Set up CloudWatch Alarms or EventBridge rules to alert when production secrets are accessed from unexpected principals. For example: an SNS notification if the production database password is accessed by any role other than the CodeBuild service role or ECS task execution role. This is what turns a potential breach into a 15-minute incident instead of a 3-month one. See securing production systems for broader incident response patterns.

Common mistakes

  1. Storing long-lived AWS keys as GitHub Secrets or CodeBuild plaintext variables. Long-lived access keys in CI are the most common cause of AWS credential exposure. For GitHub Actions, use OIDC. For CodeBuild, the service role handles AWS authentication; no static keys needed.

  2. Using a wildcard resource in the Secrets Manager IAM policy. “Resource”: ”*” on secretsmanager:GetSecretValue gives the pipeline access to every secret in the account. Always scope to specific ARNs or a tightly-namespaced prefix pattern. See least-privilege IAM.

  3. Logging environment variables in buildspec.yml. env, printenv, or set in any buildspec phase writes all environment variables, including injected secrets, to CloudWatch Logs. Remove these before merging.

  4. Passing runtime secrets through the pipeline. If the application needs a secret at runtime, it should fetch it at startup, not receive it from the pipeline. Secrets baked into the container image or passed as build arguments end up in image layers and are visible to anyone who can pull the image.

  5. Placing a Parameter Store path in an ECS environment.value field. ECS does not resolve parameter paths in the environment field. Use secrets.valueFrom with a full ARN or parameter name for ECS to fetch and inject the value.

  6. Forgetting that ECS does not auto-apply rotated secrets. After rotating a secret, running tasks still hold the old value. Trigger a new deployment or task restart to pick up the rotated value.

  7. Not planning secret rotation after a pipeline breach. If a pipeline is compromised, rotate every secret it could access immediately, not when it is convenient. Know how to rotate each secret before you need to do it under pressure.

Frequently asked questions

Should I use Secrets Manager or Parameter Store for CI/CD secrets?

Use Secrets Manager for credentials that need automatic rotation: database passwords, OAuth tokens, API keys for critical services. It costs $0.40/secret/month but handles rotation natively. Use Parameter Store for values that change rarely, like third-party API keys or config values. Standard-tier parameters are free. If you are unsure, start with Parameter Store SecureString. Add Secrets Manager when you need rotation or cross-account sharing.

Do I still need GitHub Secrets if I use OIDC for AWS authentication?

Not for AWS credentials. OIDC replaces AWS_ACCESS_KEY_ID and AWS_SECRET_ACCESS_KEY entirely: no stored key, nothing to rotate. You may still need GitHub Secrets for third-party service tokens (Datadog, NPM publish tokens, Slack webhooks) that do not support OIDC. Those can live in GitHub Secrets or be fetched from Secrets Manager during the build.

Should runtime secrets ever go through the CI/CD pipeline?

No. Runtime secrets, the values the deployed application needs while running, should be injected at container startup, not passed through the pipeline. For ECS, use the secrets field in the task definition with valueFrom pointing to Secrets Manager or Parameter Store. The pipeline builds and deploys the container; the container fetches its own secrets when it starts.

Does ECS automatically pick up rotated secrets?

No. ECS injects secrets when a task starts. If a secret is rotated in Secrets Manager, running containers still use the old value. To pick up the new value, stop and restart the task or trigger a new deployment. Rotation alone does not propagate to running workloads; plan for task restarts as part of your rotation process.

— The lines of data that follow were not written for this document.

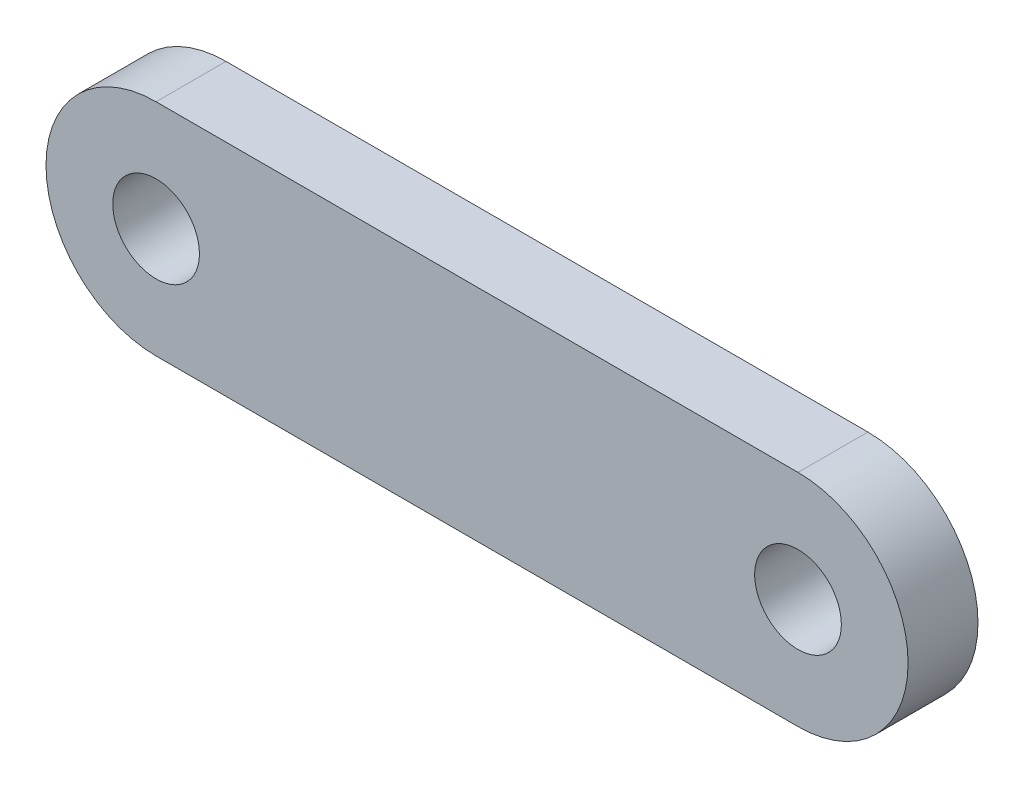
SolidWorks part; units mm, degrees
material "Balsa"
ref_plane "Front Plane" through (0, 0, 0) normal (0, 0, 1) x (1, 0, 0)
ref_plane "Top Plane" through (0, 0, 0) normal (0, 1, 0) x (1, 0, 0)
ref_plane "Right Plane" through (0, 0, 0) normal (1, 0, 0) x (0, 0, -1)
sketch "Sketch1" plane through (0, 0, 0) normal (0, 0, 1) x (1, 0, 0)
  line L0 (-29.1547, 0) -> (29.1547, 0) construction
  line L1 (-29.1547, 10) -> (29.1547, 10)
  line L2 (-29.1547, -10) -> (29.1547, -10)
  arc A0 (-29.1547, 10) -> (-29.1547, -10) centre (-29.1547, 0) ccw
  arc A1 (29.1547, -10) -> (29.1547, 10) centre (29.1547, 0) ccw
  circle A2 centre (-29.1547, 0) radius 3.9375
  circle A3 centre (29.1547, 0) radius 3.9375
  point P2 (0, 0)
  dimension "D3" = 7.875
  dimension "D4" = 7.875
  dimension "D1" = 20
  dimension "D2" = 58.3093
extrude "Boss-Extrude1" add sketch "Sketch1" along normal blind 6.35
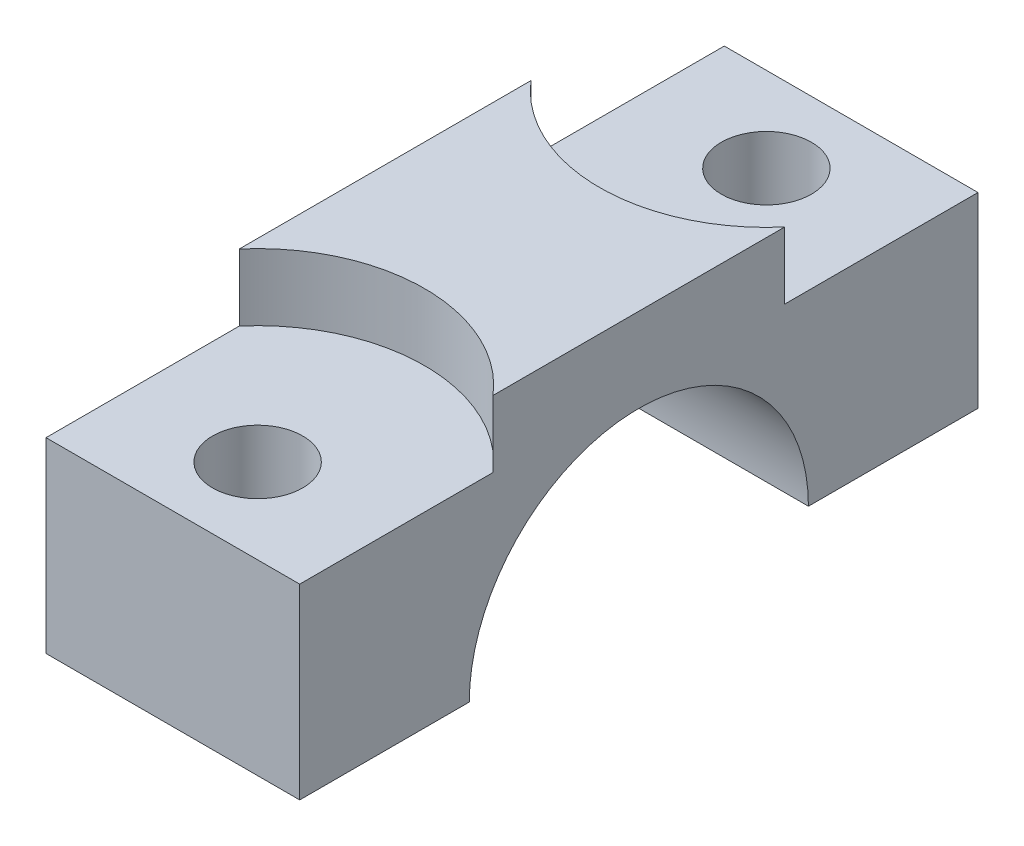
SolidWorks part; units mm, degrees
ref_plane "Front Plane" through (0, 0, 0) normal (0, 0, 1) x (1, 0, 0)
ref_plane "Top Plane" through (0, 0, 0) normal (0, 1, 0) x (1, 0, 0)
ref_plane "Right Plane" through (0, 0, 0) normal (1, 0, 0) x (0, 0, -1)
sketch "Sketch1" plane through (0, 0, 0) normal (1, 0, 0) x (0, 0, -1)
  line L1 (-25.4, 19) -> (25.4, 19)
  line L2 (-25.4, 19) -> (-25.4, 0)
  line L3 (-25.4, 0) -> (25.4, 0)
  line L4 (25.4, 19) -> (25.4, 0)
  line L5 (-25.4, 19) -> (25.4, 0) construction
  line L6 (-25.4, 0) -> (25.4, 19) construction
  circle A0 centre (0, 0) radius 12.7
  point P0 (0, 9.5)
  dimension "D1" = 25.4
  dimension "D2" = 50.8
  dimension "D3" = 19
extrude "Boss-Extrude1" add sketch "Sketch1" along normal mid plane 19 contours A0 L3 L4 L1 L2
sketch "Sketch2" plane through (0, 0, 0) normal (0, -1, 0) x (1, 0, 0)
  line L0 (0, 25.4) -> (0, 12.7) construction
  line L1 (9.5, 25.4) -> (-9.5, 25.4) construction
  line L2 (9.5, 12.7) -> (-9.5, 12.7) construction
  line L3 (0, -12.7) -> (0, -25.4) construction
  line L4 (9.5, -12.7) -> (-9.5, -12.7) construction
  line L5 (9.5, -25.4) -> (-9.5, -25.4) construction
  point P12 (0, 19.05)
  point P13 (0, -19.05)
hole_wizard "CBORE for M12 Hex Head Cap Screw1" positions "Sketch5" profile "Sketch6" counterbore size "M12" standard "ISO" end condition through all
sketch "Sketch5" plane through (0, 19, 0) normal (0, 1, 0) x (1, 0, 0)
  point P0 (0, 19.05)
  point P3 (0, -19.05)
sketch "Sketch6" plane through (0, 19, -19.05) normal (1, 0, 0) x (0, 0, 1)
  line L0 (0, 0) -> (0, 19)
  line L1 (0, 19) -> (3.375, 19)
  line L3 (3.375, 19) -> (3.375, 5)
  line L4 (3.375, 5) -> (12.5, 5)
  line L5 (12.5, 5) -> (12.5, 0)
  line L7 (12.5, 0) -> (0, 0)
  line L11 (0, -6.35) -> (0, 107.95) construction
  dimension "Thru Hole Dia." = 6.75
  dimension "Thru Hole Depth" = 19
  dimension "C'Bore Dia." = 25
  dimension "C'Bore Depth" = 5

What IAM permissions does CodeBuild need to read secrets?

For Secrets Manager: secretsmanager:GetSecretValue on the specific secret ARNs. For Parameter Store: ssm:GetParameters on the parameter ARNs. For SecureString parameters, also kms:Decrypt on the KMS key used to encrypt them. Always scope permissions to specific ARNs; never use a wildcard resource for secrets access.

Last verified: 25 April 2026 Cloud services change frequently. Verify details against official documentation before making infrastructure decisions.